Base addressing mode is mainly used to solve the problem of dynamic positioning of programs.
Base address addressing adds the contents of the base address register in the CPU to the formal address in the instruction format to form the effective address of the operand.
Essentially, we form a virtual address of memory through the base address register + formal address
If there are only user-level threads in the system, the processor scheduling unit is ().
- A thread
B process
C program
D job
If the system only has user-mode threads, the threads are invisible to the operating system, and the operating system can only schedule processes;
if there are kernel-mode threads in the system, the operating system can schedule by thread;
C: The program is a static executable file, and the process is dynamic. The content of the executable file is copied to the memory and occupies the CPU to run and becomes a process. D. Job: A job usually
includes several processes, and several processes work together to complete a task. , that is, homework.
An online server usually needs to read databases that store large amounts of data. In order to improve the server processing speed, it is usually necessary to add a cache. The following scenarios are not suitable for using cache.
- A. Each piece of data in the database has an approximately equal probability of being accessed and is independent.
B. A service that uses a multi-thread mechanism
. C. The size of a single thread is too small.
D. A service with a large number of accesses.
Because the probability of each piece of data being accessed in the database is approximately equal, and the cache space is generally small and it is impossible to store more data. For the data that needs to be queried for unidentified prediction, it is of little use to put the recently accessed data into the cache, so increasing the cache will not have a big effect. BCD can improve efficiency
In a system that supports multi-threading, several threads created by process P cannot share ().
- A The code segment of process P
B The file opened in process P
C The global variable of process P
D The stack pointer of a thread in process P
D is thread private
Which of the following is correct about the relationship between contention and deadlock in operating systems?
- A Competition will definitely lead to deadlock
B Deadlock will definitely be caused by competition
C Competition may cause deadlock
D Preventing deadlock can prevent competition
Four necessary conditions for deadlock:
- Mutually exclusive condition: A resource can only be used by one process at a time.
-
Request and hold conditions: When a process is blocked due to requesting resources, it will hold on to the obtained resources.
-
Non-deprivation condition: The resources that have been obtained by the process cannot be forcibly deprived before they are used up.
-
Cyclic waiting condition: A head-to-tail cyclic waiting resource relationship is formed between several processes.

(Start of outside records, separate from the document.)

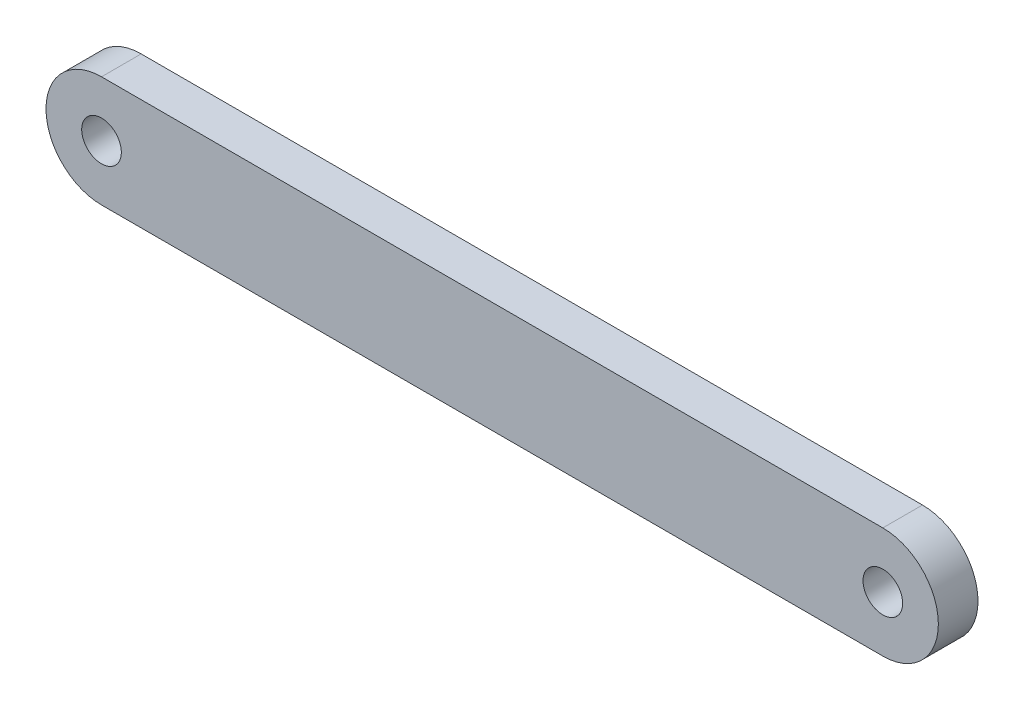
ISO-10303-21;
HEADER;
FILE_DESCRIPTION(('STEP AP214'),'2;1');
FILE_NAME('part.step','',(''),(''),'','','');
FILE_SCHEMA(('AUTOMOTIVE_DESIGN { 1 0 10303 214 1 1 1 1 }'));
ENDSEC;
DATA;
#1=APPLICATION_CONTEXT('core data for automotive mechanical design processes');
#2=APPLICATION_PROTOCOL_DEFINITION('international standard','automotive_design',2000,#1);
#3=PRODUCT_CONTEXT('',#1,'mechanical');
#4=PRODUCT('Part','Part','',(#3));
#5=PRODUCT_RELATED_PRODUCT_CATEGORY('part','',(#4));
#6=PRODUCT_DEFINITION_FORMATION('','',#4);
#7=PRODUCT_DEFINITION_CONTEXT('part definition',#1,'design');
#8=PRODUCT_DEFINITION('design','',#6,#7);
#9=PRODUCT_DEFINITION_SHAPE('','',#8);
#10=(LENGTH_UNIT() NAMED_UNIT(*) SI_UNIT(.MILLI.,.METRE.));
#11=(NAMED_UNIT(*) PLANE_ANGLE_UNIT() SI_UNIT($,.RADIAN.));
#12=(NAMED_UNIT(*) SI_UNIT($,.STERADIAN.) SOLID_ANGLE_UNIT());
#13=UNCERTAINTY_MEASURE_WITH_UNIT(LENGTH_MEASURE(1.E-05),#10,'distance_accuracy_value','');
#14=(GEOMETRIC_REPRESENTATION_CONTEXT(3) GLOBAL_UNCERTAINTY_ASSIGNED_CONTEXT((#13)) GLOBAL_UNIT_ASSIGNED_CONTEXT((#10,
#11,#12)) REPRESENTATION_CONTEXT('',''));
#15=CARTESIAN_POINT('',(0.,0.,0.));
#16=DIRECTION('',(0.,0.,1.));
#17=DIRECTION('',(1.,0.,0.));
#18=AXIS2_PLACEMENT_3D('',#15,#16,#17);
#19=CARTESIAN_POINT('',(75.2094,0.116697774587227,6.35));
#20=DIRECTION('',(0.,0.,-1.));
#21=DIRECTION('',(-1.,0.,0.));
#22=AXIS2_PLACEMENT_3D('',#19,#20,#21);
#23=PLANE('',#22);
#24=CARTESIAN_POINT('',(75.2094,0.116697774587227,6.35));
#25=DIRECTION('',(0.,0.,1.));
#26=DIRECTION('',(-1.,0.,0.));
#27=AXIS2_PLACEMENT_3D('',#24,#25,#26);
#28=CIRCLE('',#27,8.89);
#29=CARTESIAN_POINT('',(75.2094,-8.77330222541277,6.35));
#30=VERTEX_POINT('',#29);
#31=CARTESIAN_POINT('',(75.2094,9.00669777458723,6.35));
#32=VERTEX_POINT('',#31);
#33=EDGE_CURVE('E97',#30,#32,#28,.T.);
#34=ORIENTED_EDGE('',*,*,#33,.T.);
#35=DIRECTION('',(-1.,0.,0.));
#36=VECTOR('',#35,1.);
#37=CARTESIAN_POINT('',(-49.911,9.00669777458723,6.35));
#38=LINE('',#37,#36);
#39=CARTESIAN_POINT('',(-49.911,9.00669777458723,6.35));
#40=VERTEX_POINT('',#39);
#41=EDGE_CURVE('E93',#32,#40,#38,.T.);
#42=ORIENTED_EDGE('',*,*,#41,.T.);
#43=CARTESIAN_POINT('',(-49.911,0.116697774587227,6.35));
#44=DIRECTION('',(0.,0.,1.));
#45=DIRECTION('',(1.,0.,0.));
#46=AXIS2_PLACEMENT_3D('',#43,#44,#45);
#47=CIRCLE('',#46,8.89);
#48=CARTESIAN_POINT('',(-49.911,-8.77330222541277,6.35));
#49=VERTEX_POINT('',#48);
#50=EDGE_CURVE('E96',#40,#49,#47,.T.);
#51=ORIENTED_EDGE('',*,*,#50,.T.);
#52=DIRECTION('',(1.,0.,0.));
#53=VECTOR('',#52,1.);
#54=CARTESIAN_POINT('',(-49.911,-8.77330222541277,6.35));
#55=LINE('',#54,#53);
#56=EDGE_CURVE('E63',#49,#30,#55,.T.);
#57=ORIENTED_EDGE('',*,*,#56,.T.);
#58=EDGE_LOOP('',(#34,#42,#51,#57));
#59=FACE_BOUND('',#58,.T.);
#60=CARTESIAN_POINT('',(-49.911,0.116697774587227,6.35));
#61=DIRECTION('',(0.,0.,1.));
#62=DIRECTION('',(1.,0.,0.));
#63=AXIS2_PLACEMENT_3D('',#60,#61,#62);
#64=CIRCLE('',#63,3.175);
#65=CARTESIAN_POINT('',(-46.736,0.116697774587227,6.35));
#66=VERTEX_POINT('',#65);
#67=EDGE_CURVE('E118',#66,#66,#64,.T.);
#68=ORIENTED_EDGE('',*,*,#67,.F.);
#69=EDGE_LOOP('',(#68));
#70=FACE_BOUND('',#69,.T.);
#71=CARTESIAN_POINT('',(75.2094,0.116697774587227,6.35));
#72=DIRECTION('',(0.,0.,1.));
#73=DIRECTION('',(1.,0.,0.));
#74=AXIS2_PLACEMENT_3D('',#71,#72,#73);
#75=CIRCLE('',#74,3.175);
#76=CARTESIAN_POINT('',(78.3844,0.116697774587227,6.35));
#77=VERTEX_POINT('',#76);
#78=EDGE_CURVE('E139',#77,#77,#75,.T.);
#79=ORIENTED_EDGE('',*,*,#78,.F.);
#80=EDGE_LOOP('',(#79));
#81=FACE_BOUND('',#80,.T.);
#82=ADVANCED_FACE('F44',(#59,#70,#81),#23,.F.);
#83=CARTESIAN_POINT('',(75.2094,0.116697774587227,0.));
#84=DIRECTION('',(0.,0.,-1.));
#85=DIRECTION('',(-1.,0.,0.));
#86=AXIS2_PLACEMENT_3D('',#83,#84,#85);
#87=PLANE('',#86);
#88=CARTESIAN_POINT('',(-49.911,0.116697774587227,0.));
#89=DIRECTION('',(0.,0.,1.));
#90=DIRECTION('',(1.,0.,0.));
#91=AXIS2_PLACEMENT_3D('',#88,#89,#90);
#92=CIRCLE('',#91,3.175);
#93=CARTESIAN_POINT('',(-46.736,0.116697774587227,0.));
#94=VERTEX_POINT('',#93);
#95=EDGE_CURVE('E136',#94,#94,#92,.T.);
#96=ORIENTED_EDGE('',*,*,#95,.T.);
#97=EDGE_LOOP('',(#96));
#98=FACE_BOUND('',#97,.T.);
#99=CARTESIAN_POINT('',(75.2094,0.116697774587227,0.));
#100=DIRECTION('',(0.,0.,1.));
#101=DIRECTION('',(-1.,0.,0.));
#102=AXIS2_PLACEMENT_3D('',#99,#100,#101);
#103=CIRCLE('',#102,8.89);
#104=CARTESIAN_POINT('',(75.2094,-8.77330222541277,0.));
#105=VERTEX_POINT('',#104);
#106=CARTESIAN_POINT('',(75.2094,9.00669777458723,0.));
#107=VERTEX_POINT('',#106);
#108=EDGE_CURVE('E114',#105,#107,#103,.T.);
#109=ORIENTED_EDGE('',*,*,#108,.F.);
#110=DIRECTION('',(1.,0.,0.));
#111=VECTOR('',#110,1.);
#112=CARTESIAN_POINT('',(-49.911,-8.77330222541277,0.));
#113=LINE('',#112,#111);
#114=CARTESIAN_POINT('',(-49.911,-8.77330222541277,0.));
#115=VERTEX_POINT('',#114);
#116=EDGE_CURVE('E86',#115,#105,#113,.T.);
#117=ORIENTED_EDGE('',*,*,#116,.F.);
#118=CARTESIAN_POINT('',(-49.911,0.116697774587227,0.));
#119=DIRECTION('',(0.,0.,1.));
#120=DIRECTION('',(1.,0.,0.));
#121=AXIS2_PLACEMENT_3D('',#118,#119,#120);
#122=CIRCLE('',#121,8.89);
#123=CARTESIAN_POINT('',(-49.911,9.00669777458723,0.));
#124=VERTEX_POINT('',#123);
#125=EDGE_CURVE('E79',#124,#115,#122,.T.);
#126=ORIENTED_EDGE('',*,*,#125,.F.);
#127=DIRECTION('',(-1.,0.,0.));
#128=VECTOR('',#127,1.);
#129=CARTESIAN_POINT('',(-49.911,9.00669777458723,0.));
#130=LINE('',#129,#128);
#131=EDGE_CURVE('E104',#107,#124,#130,.T.);
#132=ORIENTED_EDGE('',*,*,#131,.F.);
#133=EDGE_LOOP('',(#109,#117,#126,#132));
#134=FACE_BOUND('',#133,.T.);
#135=CARTESIAN_POINT('',(75.2094,0.116697774587227,0.));
#136=DIRECTION('',(0.,0.,1.));
#137=DIRECTION('',(1.,0.,0.));
#138=AXIS2_PLACEMENT_3D('',#135,#136,#137);
#139=CIRCLE('',#138,3.175);
#140=CARTESIAN_POINT('',(78.3844,0.116697774587227,0.));
#141=VERTEX_POINT('',#140);
#142=EDGE_CURVE('E143',#141,#141,#139,.T.);
#143=ORIENTED_EDGE('',*,*,#142,.T.);
#144=EDGE_LOOP('',(#143));
#145=FACE_BOUND('',#144,.T.);
#146=ADVANCED_FACE('F131',(#98,#134,#145),#87,.T.);
#147=CARTESIAN_POINT('',(75.2094,0.116697774587227,6.35));
#148=DIRECTION('',(0.,0.,-1.));
#149=DIRECTION('',(-1.,0.,0.));
#150=AXIS2_PLACEMENT_3D('',#147,#148,#149);
#151=CYLINDRICAL_SURFACE('',#150,8.89);
#152=ORIENTED_EDGE('',*,*,#108,.T.);
#153=DIRECTION('',(0.,0.,-1.));
#154=VECTOR('',#153,1.);
#155=CARTESIAN_POINT('',(75.2094,9.00669777458723,6.35));
#156=LINE('',#155,#154);
#157=EDGE_CURVE('E11',#32,#107,#156,.T.);
#158=ORIENTED_EDGE('',*,*,#157,.F.);
#159=ORIENTED_EDGE('',*,*,#33,.F.);
#160=DIRECTION('',(0.,0.,-1.));
#161=VECTOR('',#160,1.);
#162=CARTESIAN_POINT('',(75.2094,-8.77330222541277,6.35));
#163=LINE('',#162,#161);
#164=EDGE_CURVE('E106',#30,#105,#163,.T.);
#165=ORIENTED_EDGE('',*,*,#164,.T.);
#166=EDGE_LOOP('',(#152,#158,#159,#165));
#167=FACE_BOUND('',#166,.T.);
#168=ADVANCED_FACE('F50',(#167),#151,.T.);
#169=CARTESIAN_POINT('',(-49.911,9.00669777458723,6.35));
#170=DIRECTION('',(0.,-1.,0.));
#171=DIRECTION('',(0.,0.,-1.));
#172=AXIS2_PLACEMENT_3D('',#169,#170,#171);
#173=PLANE('',#172);
#174=ORIENTED_EDGE('',*,*,#131,.T.);
#175=DIRECTION('',(0.,0.,-1.));
#176=VECTOR('',#175,1.);
#177=CARTESIAN_POINT('',(-49.911,9.00669777458723,6.35));
#178=LINE('',#177,#176);
#179=EDGE_CURVE('E54',#40,#124,#178,.T.);
#180=ORIENTED_EDGE('',*,*,#179,.F.);
#181=ORIENTED_EDGE('',*,*,#41,.F.);
#182=ORIENTED_EDGE('',*,*,#157,.T.);
#183=EDGE_LOOP('',(#174,#180,#181,#182));
#184=FACE_BOUND('',#183,.T.);
#185=ADVANCED_FACE('F105',(#184),#173,.F.);
#186=CARTESIAN_POINT('',(-49.911,0.116697774587227,6.35));
#187=DIRECTION('',(0.,0.,-1.));
#188=DIRECTION('',(-1.,0.,0.));
#189=AXIS2_PLACEMENT_3D('',#186,#187,#188);
#190=CYLINDRICAL_SURFACE('',#189,8.89);
#191=ORIENTED_EDGE('',*,*,#125,.T.);
#192=DIRECTION('',(0.,0.,-1.));
#193=VECTOR('',#192,1.);
#194=CARTESIAN_POINT('',(-49.911,-8.77330222541277,6.35));
#195=LINE('',#194,#193);
#196=EDGE_CURVE('E103',#49,#115,#195,.T.);
#197=ORIENTED_EDGE('',*,*,#196,.F.);
#198=ORIENTED_EDGE('',*,*,#50,.F.);
#199=ORIENTED_EDGE('',*,*,#179,.T.);
#200=EDGE_LOOP('',(#191,#197,#198,#199));
#201=FACE_BOUND('',#200,.T.);
#202=ADVANCED_FACE('F107',(#201),#190,.T.);
#203=CARTESIAN_POINT('',(-49.911,-8.77330222541277,6.35));
#204=DIRECTION('',(0.,1.,0.));
#205=DIRECTION('',(0.,0.,1.));
#206=AXIS2_PLACEMENT_3D('',#203,#204,#205);
#207=PLANE('',#206);
#208=ORIENTED_EDGE('',*,*,#116,.T.);
#209=ORIENTED_EDGE('',*,*,#164,.F.);
#210=ORIENTED_EDGE('',*,*,#56,.F.);
#211=ORIENTED_EDGE('',*,*,#196,.T.);
#212=EDGE_LOOP('',(#208,#209,#210,#211));
#213=FACE_BOUND('',#212,.T.);
#214=ADVANCED_FACE('F126',(#213),#207,.F.);
#215=CARTESIAN_POINT('',(-49.911,0.116697774587227,6.35));
#216=DIRECTION('',(0.,0.,-1.));
#217=DIRECTION('',(-1.,0.,0.));
#218=AXIS2_PLACEMENT_3D('',#215,#216,#217);
#219=CYLINDRICAL_SURFACE('',#218,3.175);
#220=ORIENTED_EDGE('',*,*,#67,.T.);
#221=EDGE_LOOP('',(#220));
#222=FACE_BOUND('',#221,.T.);
#223=ORIENTED_EDGE('',*,*,#95,.F.);
#224=EDGE_LOOP('',(#223));
#225=FACE_BOUND('',#224,.T.);
#226=ADVANCED_FACE('F163',(#222,#225),#219,.F.);
#227=CARTESIAN_POINT('',(75.2094,0.116697774587227,6.35));
#228=DIRECTION('',(0.,0.,-1.));
#229=DIRECTION('',(-1.,0.,0.));
#230=AXIS2_PLACEMENT_3D('',#227,#228,#229);
#231=CYLINDRICAL_SURFACE('',#230,3.175);
#232=ORIENTED_EDGE('',*,*,#78,.T.);
#233=EDGE_LOOP('',(#232));
#234=FACE_BOUND('',#233,.T.);
#235=ORIENTED_EDGE('',*,*,#142,.F.);
#236=EDGE_LOOP('',(#235));
#237=FACE_BOUND('',#236,.T.);
#238=ADVANCED_FACE('F155',(#234,#237),#231,.F.);
#239=CLOSED_SHELL('',(#82,#146,#168,#185,#202,#214,#226,#238));
#240=MANIFOLD_SOLID_BREP('B2',#239);
#241=ADVANCED_BREP_SHAPE_REPRESENTATION('',(#18,#240),#14);
#242=SHAPE_DEFINITION_REPRESENTATION(#9,#241);
ENDSEC;
END-ISO-10303-21;

A. Competing for locks but not meeting the above conditions will not cause deadlock.
B. Thread A and thread B lock: Thread A gets the lock. But I forgot to unlock and wanted to lock again. As a result, both thread A and thread B fell into a deadlock state. There is no competing lock at this time
C. If competition meets the above four conditions for deadlock, it will cause deadlock, so it is possible
D. If there are multiple processes or threads operating on the same resource, then locking must be required, which means competition must be involved.
Concurrency is a different expression of parallelism, but the principles are the same.
- A wrong
B right
Concurrency: Multiple processes use time slice rotation scheduling under one CPU. Within a period of time, multiple processes can be advanced, which is called concurrency. The CPU sees them executing one by one, but it is invisible to the naked eye.
Parallelism: Multiple processes run simultaneously on multiple CPUs, which is called parallelism.
Thread switching will cause process switching.
- A wrong
B right
A process may also contain multiple threads. Switching between threads in the same process will not cause process switching; thread switching in different processes will cause process switching.
All programs of the operating system are resident in memory.
- A is wrong
- B right
For processes that are waiting for events, you can swap them to external memory (part or all) to free up more memory to load new processes so that CPU resources can be fully utilized.
The physical address of the logical address translation process is called ().
- A Address allocation
B Address mapping
C Address protection
D Address out of bounds
Logical address: A virtual address in memory. Physical address: the real address on the memory stick
A: When the process is created, memory is allocated
B: Address mapping: In order to ensure that the CPU can correctly access the storage unit when executing instructions, the logical address in the user program needs to be converted into a physical address directly addressed by the machine at runtime.
C: Between multiple processes, other people’s memory cannot be used.
D: Accessed the memory of other processes
In Unix systems, processes in the () state are easiest to execute.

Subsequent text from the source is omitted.